Les membres de l’assemblée sont nommés par le conseil d’administration de la SPN.

Deux groupes environnementaux

« La représentativité, c’est un enjeu qu’on a souvent soulevée, rapporte le directeur de la conservation à SNAP Québec, Pier-Olivier Boudreault. Nous sommes seulement deux groupes environnementaux; c’est une mince portion des représentants. Nous sommes souvent les chiens de garde du développement durable. Ce ne sont pas des enjeux nécessairement faciles à faire passer dans ce cadre. »

Une définition contestée

SNAP, raconte M. Boudreault, a claqué la porte d’un comité, en désaccord avec la notion de protection du territoire mise de l’avant par la SPN. « Le développement du Nord venait avec un engagement de protéger 50 % du territoire. […] C’était très ambitieux, novateur; on a accueilli ça positivement parce que c’est notre vision à la SNAP d’avoir un équilibre au niveau de la protection du territoire, de la biodiversité, etc. Sauf que le diable est dans les détails et, eux [la SPN], 50 %, c’était 20 % d’aires protégées strictes sans développement industriel.

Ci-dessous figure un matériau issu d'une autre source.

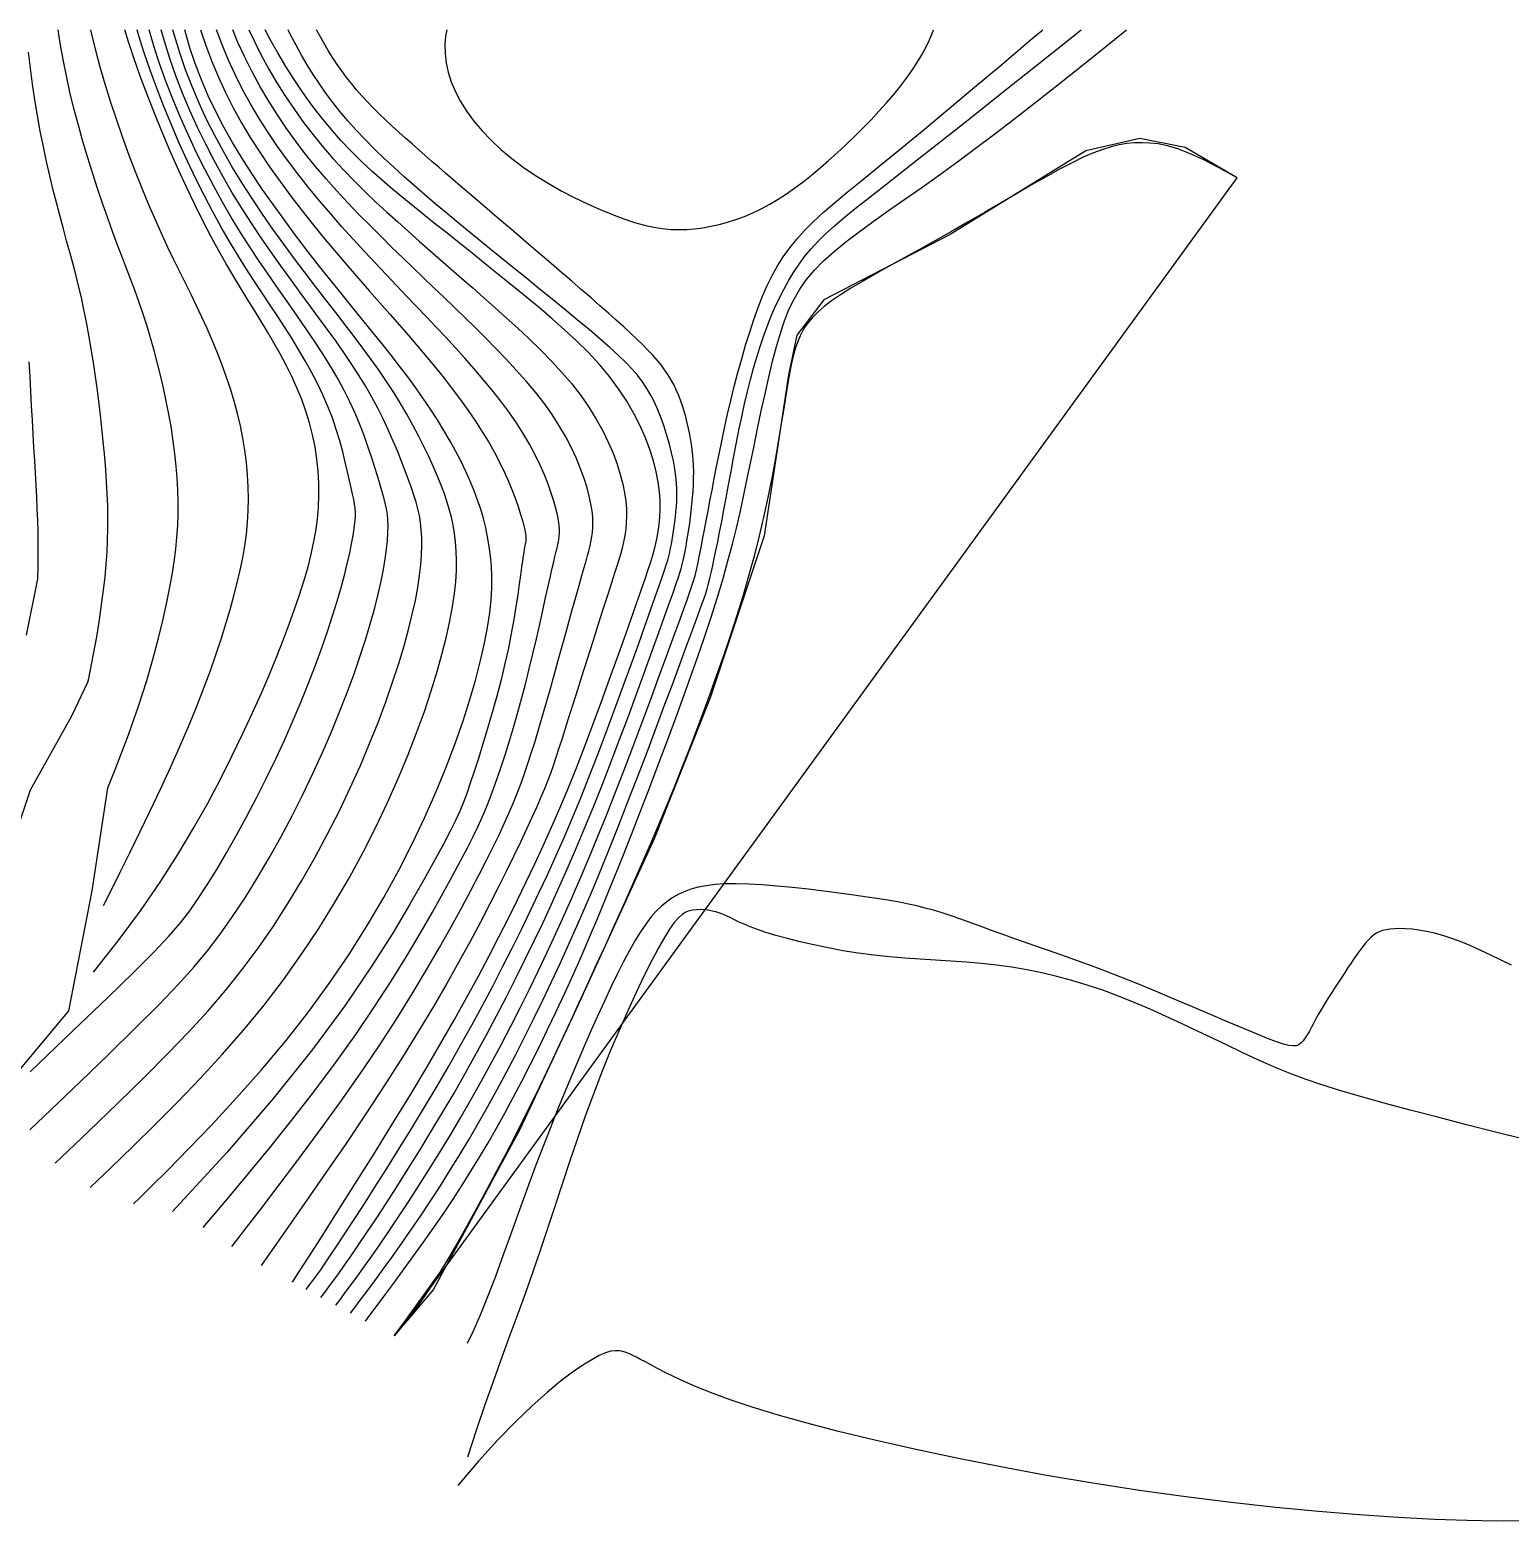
# Model space of a CAD drawing. Header units: metres. Extents: x -2219 to 517, y -3078 to 398.
# Drawn here: x 382 to 449.6, y 330.3 to 398.4 of the extents above; entities that cross this region are included whole.
import ezdxf

# ---------------------------------------------------------------- set-up
doc = ezdxf.new("R2010")
doc.units = ezdxf.units.M
doc.layers.add('TERRAIN_CONTOUR_1M', color=3, linetype='Continuous')
doc.layers.add('TERRAIN_CONTOUR_5M_SUPPLEMENT', color=4, linetype='Continuous')

msp = doc.modelspace()

# ---------------------------------------------------------------- linework, layer by layer
at = {"layer": 'TERRAIN_CONTOUR_1M'}
for points in [[(379.383, 348.324, 3), (383.79, 353.592, 3), (384.858, 359.073, 3), (385.57, 363.775, 3), (385.945, 364.697, 3), (386.514, 366.196, 3), (386.978, 367.514, 3), (387.351, 368.673, 3), (387.65, 369.696, 3), (387.89, 370.605, 3), (388.087, 371.424, 3), (388.254, 372.172, 3), (388.396, 372.862, 3), (388.513, 373.502, 3), (388.607, 374.101, 3), (388.679, 374.669, 3), (388.732, 375.216, 3), (388.766, 375.751, 3), (388.783, 376.282, 3), (388.784, 376.819, 3), (388.769, 377.362, 3), (388.74, 377.911, 3), (388.696, 378.468, 3), (388.637, 379.032, 3), (388.564, 379.603, 3), (388.476, 380.182, 3), (388.376, 380.768, 3), (388.261, 381.362, 3), (388.135, 381.96, 3), (387.997, 382.56, 3), (387.849, 383.156, 3), (387.692, 383.747, 3), (387.527, 384.328, 3), (387.355, 384.895, 3), (387.178, 385.446, 3), (386.995, 385.978, 3), (386.808, 386.498, 3), (386.616, 387.012, 3), (386.418, 387.529, 3), (386.215, 388.057, 3), (386.007, 388.603, 3), (385.792, 389.174, 3), (385.572, 389.778, 3), (385.345, 390.422, 3), (385.116, 391.1, 3), (384.886, 391.806, 3), (384.66, 392.534, 3), (384.44, 393.279, 3), (384.229, 394.032, 3), (384.03, 394.789, 3), (383.846, 395.543, 3), (383.681, 396.289, 3), (383.533, 397.032, 3), (383.402, 397.776, 3), (383.309, 398.382, 3)], [(382.016, 348.172, 7), (383.957, 350.027, 7), (385.555, 351.562, 7), (386.86, 352.833, 7), (387.922, 353.892, 7), (388.788, 354.794, 7), (389.509, 355.594, 7), (390.132, 356.344, 7), (390.707, 357.1, 7), (391.274, 357.904, 7), (391.838, 358.758, 7), (392.395, 359.654, 7), (392.941, 360.582, 7), (393.473, 361.533, 7), (393.986, 362.499, 7), (394.477, 363.47, 7), (394.941, 364.437, 7), (395.377, 365.392, 7), (395.782, 366.329, 7), (396.157, 367.244, 7), (396.501, 368.132, 7), (396.814, 368.988, 7), (397.097, 369.807, 7), (397.348, 370.585, 7), (397.569, 371.316, 7), (397.758, 371.997, 7), (397.918, 372.627, 7), (398.05, 373.209, 7), (398.157, 373.743, 7), (398.239, 374.229, 7), (398.3, 374.67, 7), (398.341, 375.066, 7), (398.364, 375.418, 7), (398.371, 375.729, 7), (398.362, 376.009, 7), (398.337, 376.269, 7), (398.298, 376.52, 7), (398.243, 376.773, 7), (398.174, 377.039, 7), (398.09, 377.33, 7), (397.992, 377.658, 7), (397.881, 378.029, 7), (397.754, 378.441, 7), (397.612, 378.887, 7), (397.452, 379.361, 7), (397.275, 379.857, 7), (397.078, 380.367, 7), (396.862, 380.885, 7), (396.624, 381.406, 7), (396.364, 381.923, 7), (396.084, 382.437, 7), (395.784, 382.951, 7), (395.466, 383.466, 7), (395.131, 383.984, 7), (394.782, 384.507, 7), (394.419, 385.038, 7), (394.044, 385.577, 7), (393.658, 386.128, 7), (393.263, 386.692, 7), (392.862, 387.272, 7), (392.455, 387.871, 7), (392.045, 388.491, 7), (391.634, 389.136, 7), (391.223, 389.807, 7), (390.815, 390.508, 7), (390.411, 391.239, 7), (390.014, 391.996, 7), (389.627, 392.775, 7), (389.254, 393.57, 7), (388.897, 394.376, 7), (388.56, 395.186, 7), (388.245, 395.997, 7), (387.956, 396.802, 7), (387.695, 397.597, 7), (387.461, 398.383, 7)], [(382.024, 350.813, 6), (383.998, 352.7, 6), (385.554, 354.195, 6), (386.758, 355.366, 6), (387.672, 356.28, 6), (388.361, 357.006, 6), (388.887, 357.609, 6), (389.314, 358.158, 6), (389.706, 358.72, 6), (390.115, 359.349, 6), (390.546, 360.048, 6), (390.992, 360.806, 6), (391.448, 361.612, 6), (391.908, 362.455, 6), (392.364, 363.325, 6), (392.81, 364.211, 6), (393.241, 365.102, 6), (393.65, 365.988, 6), (394.037, 366.863, 6), (394.4, 367.724, 6), (394.738, 368.564, 6), (395.052, 369.379, 6), (395.34, 370.165, 6), (395.601, 370.916, 6), (395.835, 371.627, 6), (396.041, 372.294, 6), (396.221, 372.917, 6), (396.376, 373.492, 6), (396.507, 374.019, 6), (396.616, 374.497, 6), (396.704, 374.925, 6), (396.773, 375.301, 6), (396.823, 375.624, 6), (396.857, 375.896, 6), (396.874, 376.128, 6), (396.877, 376.334, 6), (396.865, 376.528, 6), (396.838, 376.725, 6), (396.799, 376.938, 6), (396.747, 377.182, 6), (396.683, 377.47, 6), (396.608, 377.814, 6), (396.519, 378.209, 6), (396.416, 378.647, 6), (396.297, 379.119, 6), (396.16, 379.618, 6), (396.002, 380.135, 6), (395.824, 380.663, 6), (395.622, 381.193, 6), (395.396, 381.719, 6), (395.147, 382.24, 6), (394.877, 382.758, 6), (394.59, 383.273, 6), (394.286, 383.788, 6), (393.969, 384.303, 6), (393.64, 384.819, 6), (393.301, 385.338, 6), (392.956, 385.861, 6), (392.603, 386.394, 6), (392.245, 386.94, 6), (391.88, 387.506, 6), (391.51, 388.096, 6), (391.135, 388.717, 6), (390.755, 389.372, 6), (390.371, 390.068, 6), (389.983, 390.806, 6), (389.596, 391.582, 6), (389.213, 392.386, 6), (388.838, 393.21, 6), (388.476, 394.046, 6), (388.13, 394.884, 6), (387.805, 395.716, 6), (387.505, 396.534, 6), (387.233, 397.332, 6), (386.989, 398.11, 6), (386.912, 398.382, 6)], [(383.167, 346.638, 8), (384.692, 348.096, 8), (386.044, 349.397, 8), (387.246, 350.57, 8), (388.316, 351.643, 8), (389.277, 352.642, 8), (390.149, 353.596, 8), (390.952, 354.532, 8), (391.708, 355.479, 8), (392.434, 356.458, 8), (393.131, 357.468, 8), (393.798, 358.502, 8), (394.434, 359.552, 8), (395.038, 360.612, 8), (395.608, 361.673, 8), (396.144, 362.729, 8), (396.642, 363.772, 8), (397.103, 364.796, 8), (397.527, 365.795, 8), (397.914, 366.765, 8), (398.263, 367.701, 8), (398.577, 368.597, 8), (398.854, 369.45, 8), (399.096, 370.254, 8), (399.303, 371.005, 8), (399.475, 371.699, 8), (399.614, 372.338, 8), (399.724, 372.926, 8), (399.806, 373.466, 8), (399.862, 373.961, 8), (399.896, 374.415, 8), (399.91, 374.831, 8), (399.905, 375.212, 8), (399.885, 375.563, 8), (399.849, 375.891, 8), (399.798, 376.204, 8), (399.731, 376.511, 8), (399.647, 376.821, 8), (399.548, 377.14, 8), (399.433, 377.479, 8), (399.301, 377.845, 8), (399.153, 378.243, 8), (398.989, 378.673, 8), (398.807, 379.128, 8), (398.607, 379.604, 8), (398.39, 380.096, 8), (398.154, 380.599, 8), (397.9, 381.108, 8), (397.626, 381.619, 8), (397.333, 382.127, 8), (397.021, 382.635, 8), (396.69, 383.144, 8), (396.342, 383.659, 8), (395.977, 384.18, 8), (395.595, 384.712, 8), (395.198, 385.256, 8), (394.786, 385.816, 8), (394.36, 386.394, 8), (393.924, 386.989, 8), (393.479, 387.603, 8), (393.03, 388.236, 8), (392.58, 388.886, 8), (392.133, 389.555, 8), (391.691, 390.242, 8), (391.258, 390.947, 8), (390.838, 391.671, 8), (390.432, 392.411, 8), (390.042, 393.164, 8), (389.67, 393.93, 8), (389.319, 394.706, 8), (388.99, 395.489, 8), (388.685, 396.278, 8), (388.407, 397.07, 8), (388.156, 397.863, 8), (388.009, 398.382, 8)], [(384.762, 345.528, 9), (385.724, 346.449, 9), (386.721, 347.411, 9), (387.739, 348.411, 9), (388.766, 349.446, 9), (389.789, 350.511, 9), (390.796, 351.604, 9), (391.774, 352.721, 9), (392.709, 353.859, 9), (393.593, 355.013, 9), (394.423, 356.178, 9), (395.201, 357.35, 9), (395.927, 358.522, 9), (396.604, 359.69, 9), (397.231, 360.847, 9), (397.81, 361.988, 9), (398.343, 363.107, 9), (398.83, 364.2, 9), (399.272, 365.261, 9), (399.671, 366.286, 9), (400.026, 367.269, 9), (400.339, 368.206, 9), (400.612, 369.093, 9), (400.844, 369.924, 9), (401.036, 370.694, 9), (401.191, 371.402, 9), (401.311, 372.049, 9), (401.397, 372.644, 9), (401.455, 373.19, 9), (401.485, 373.693, 9), (401.492, 374.16, 9), (401.478, 374.596, 9), (401.447, 375.006, 9), (401.399, 375.396, 9), (401.337, 375.772, 9), (401.258, 376.139, 9), (401.164, 376.503, 9), (401.052, 376.869, 9), (400.923, 377.242, 9), (400.776, 377.628, 9), (400.61, 378.032, 9), (400.426, 378.458, 9), (400.223, 378.905, 9), (400.002, 379.368, 9), (399.763, 379.846, 9), (399.505, 380.335, 9), (399.23, 380.831, 9), (398.938, 381.331, 9), (398.628, 381.832, 9), (398.301, 382.331, 9), (397.958, 382.832, 9), (397.597, 383.338, 9), (397.218, 383.851, 9), (396.822, 384.376, 9), (396.409, 384.916, 9), (395.978, 385.475, 9), (395.529, 386.055, 9), (395.063, 386.66, 9), (394.584, 387.287, 9), (394.096, 387.935, 9), (393.605, 388.6, 9), (393.115, 389.281, 9), (392.632, 389.974, 9), (392.159, 390.677, 9), (391.702, 391.387, 9), (391.265, 392.103, 9), (390.85, 392.825, 9), (390.457, 393.554, 9), (390.087, 394.29, 9), (389.741, 395.036, 9), (389.42, 395.792, 9), (389.126, 396.559, 9), (388.858, 397.338, 9), (388.617, 398.129, 9), (388.55, 398.382, 9)], [(385.383, 358.4, 4), (385.741, 359.115, 4), (386.145, 359.925, 4), (386.582, 360.81, 4), (387.042, 361.75, 4), (387.512, 362.726, 4), (387.98, 363.717, 4), (388.435, 364.702, 4), (388.864, 365.664, 4), (389.259, 366.583, 4), (389.618, 367.46, 4), (389.944, 368.296, 4), (390.24, 369.092, 4), (390.507, 369.85, 4), (390.748, 370.572, 4), (390.964, 371.26, 4), (391.158, 371.915, 4), (391.333, 372.54, 4), (391.487, 373.138, 4), (391.621, 373.715, 4), (391.735, 374.275, 4), (391.829, 374.822, 4), (391.902, 375.361, 4), (391.954, 375.897, 4), (391.986, 376.433, 4), (391.998, 376.975, 4), (391.988, 377.522, 4), (391.958, 378.073, 4), (391.907, 378.628, 4), (391.836, 379.187, 4), (391.744, 379.748, 4), (391.631, 380.31, 4), (391.498, 380.874, 4), (391.344, 381.438, 4), (391.172, 382.001, 4), (390.984, 382.562, 4), (390.781, 383.119, 4), (390.566, 383.669, 4), (390.341, 384.213, 4), (390.108, 384.748, 4), (389.868, 385.272, 4), (389.624, 385.787, 4), (389.376, 386.297, 4), (389.122, 386.81, 4), (388.862, 387.335, 4), (388.595, 387.879, 4), (388.321, 388.45, 4), (388.04, 389.055, 4), (387.749, 389.703, 4), (387.451, 390.398, 4), (387.147, 391.134, 4), (386.842, 391.902, 4), (386.541, 392.692, 4), (386.247, 393.497, 4), (385.964, 394.307, 4), (385.697, 395.112, 4), (385.45, 395.905, 4), (385.226, 396.678, 4), (385.025, 397.434, 4), (384.846, 398.182, 4), (384.804, 398.382, 4)], [(389.811, 398.382, 11), (390.044, 397.674, 11), (390.319, 396.937, 11), (390.62, 396.218, 11), (390.946, 395.515, 11), (391.298, 394.824, 11), (391.676, 394.142, 11), (392.079, 393.468, 11), (392.507, 392.797, 11), (392.96, 392.128, 11), (393.437, 391.458, 11), (393.934, 390.79, 11), (394.445, 390.127, 11), (394.966, 389.472, 11), (395.489, 388.83, 11), (396.012, 388.204, 11), (396.527, 387.598, 11), (397.03, 387.014, 11), (397.517, 386.455, 11), (397.987, 385.919, 11), (398.442, 385.401, 11), (398.883, 384.898, 11), (399.312, 384.407, 11), (399.729, 383.922, 11), (400.136, 383.441, 11), (400.533, 382.96, 11), (400.923, 382.475, 11), (401.302, 381.987, 11), (401.668, 381.498, 11), (402.02, 381.009, 11), (402.354, 380.522, 11), (402.669, 380.038, 11), (402.962, 379.559, 11), (403.231, 379.086, 11), (403.474, 378.621, 11), (403.691, 378.168, 11), (403.883, 377.733, 11), (404.052, 377.319, 11), (404.197, 376.932, 11), (404.32, 376.577, 11), (404.421, 376.257, 11), (404.502, 375.979, 11), (404.564, 375.744, 11), (404.608, 375.55, 11), (404.637, 375.392, 11), (404.653, 375.264, 11), (404.659, 375.161, 11), (404.658, 375.078, 11), (404.651, 375.01, 11), (404.642, 374.952, 11), (404.631, 374.898, 11), (404.619, 374.839, 11), (404.604, 374.765, 11), (404.586, 374.668, 11), (404.564, 374.537, 11), (404.537, 374.364, 11), (404.504, 374.138, 11), (404.465, 373.85, 11), (404.417, 373.494, 11), (404.36, 373.071, 11), (404.291, 372.588, 11), (404.208, 372.049, 11), (404.11, 371.46, 11), (403.995, 370.827, 11), (403.86, 370.155, 11), (403.704, 369.449, 11), (403.526, 368.716, 11), (403.331, 367.969, 11), (403.124, 367.222, 11), (402.912, 366.489, 11), (402.699, 365.785, 11), (402.493, 365.123, 11), (402.299, 364.518, 11), (402.122, 363.984, 11), (401.965, 363.526, 11), (401.814, 363.117, 11), (401.649, 362.718, 11), (401.453, 362.293, 11), (401.208, 361.804, 11), (400.896, 361.214, 11), (400.497, 360.487, 11), (399.994, 359.584, 11), (399.366, 358.474, 11), (398.58, 357.148, 11), (397.599, 355.602, 11), (396.389, 353.833, 11), (394.913, 351.835, 11), (393.135, 349.607, 11), (391.02, 347.144, 11), (388.532, 344.442, 11)], [(389.922, 343.7, 12), (390.099, 343.906, 12), (390.539, 344.422, 12), (391.194, 345.198, 12), (392.013, 346.184, 12), (392.949, 347.331, 12), (393.953, 348.587, 12), (394.975, 349.903, 12), (395.968, 351.23, 12), (396.891, 352.523, 12), (397.737, 353.768, 12), (398.508, 354.957, 12), (399.207, 356.081, 12), (399.834, 357.132, 12), (400.393, 358.101, 12), (400.885, 358.981, 12), (401.312, 359.763, 12), (401.676, 360.444, 12), (401.987, 361.036, 12), (402.252, 361.559, 12), (402.48, 362.031, 12), (402.679, 362.47, 12), (402.86, 362.894, 12), (403.029, 363.321, 12), (403.196, 363.771, 12), (403.368, 364.256, 12), (403.545, 364.779, 12), (403.726, 365.335, 12), (403.909, 365.922, 12), (404.093, 366.536, 12), (404.277, 367.175, 12), (404.459, 367.836, 12), (404.638, 368.515, 12), (404.812, 369.207, 12), (404.98, 369.902, 12), (405.141, 370.588, 12), (405.292, 371.252, 12), (405.433, 371.88, 12), (405.561, 372.462, 12), (405.676, 372.985, 12), (405.776, 373.435, 12), (405.86, 373.805, 12), (405.929, 374.102, 12), (405.985, 374.338, 12), (406.031, 374.525, 12), (406.067, 374.675, 12), (406.097, 374.798, 12), (406.121, 374.908, 12), (406.143, 375.015, 12), (406.163, 375.13, 12), (406.178, 375.259, 12), (406.187, 375.405, 12), (406.187, 375.572, 12), (406.173, 375.765, 12), (406.144, 375.987, 12), (406.097, 376.242, 12), (406.029, 376.535, 12), (405.937, 376.868, 12), (405.821, 377.237, 12), (405.678, 377.638, 12), (405.508, 378.066, 12), (405.311, 378.516, 12), (405.085, 378.984, 12), (404.829, 379.465, 12), (404.543, 379.953, 12), (404.225, 380.446, 12), (403.88, 380.94, 12), (403.511, 381.436, 12), (403.122, 381.93, 12), (402.716, 382.423, 12), (402.297, 382.912, 12), (401.869, 383.396, 12), (401.436, 383.875, 12), (401.001, 384.347, 12), (400.563, 384.815, 12), (400.121, 385.283, 12), (399.672, 385.753, 12), (399.216, 386.23, 12), (398.751, 386.717, 12), (398.276, 387.217, 12), (397.788, 387.734, 12), (397.288, 388.27, 12), (396.779, 388.824, 12), (396.265, 389.394, 12), (395.751, 389.979, 12), (395.24, 390.577, 12), (394.738, 391.186, 12), (394.248, 391.804, 12), (393.774, 392.428, 12), (393.321, 393.059, 12), (392.89, 393.696, 12), (392.481, 394.342, 12), (392.094, 394.997, 12), (391.73, 395.663, 12), (391.389, 396.342, 12), (391.072, 397.035, 12), (390.779, 397.743, 12), (390.542, 398.382, 12)], [(391.238, 342.846, 13), (391.458, 343.126, 13), (391.913, 343.711, 13), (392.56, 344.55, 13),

L’objectif a été atteint en 2020. Le problème est dans l’autre 30 %; on a dit qu’on priorisait la conservation […], sauf que, pour avoir été dans les coulisses qui discutaient de ces 30 %, on voulait insérer des activités minières durables, des activités forestières durables. Pour nous, quand il y a une mission de conservation, les activités industrielles n’ont pas leur place. »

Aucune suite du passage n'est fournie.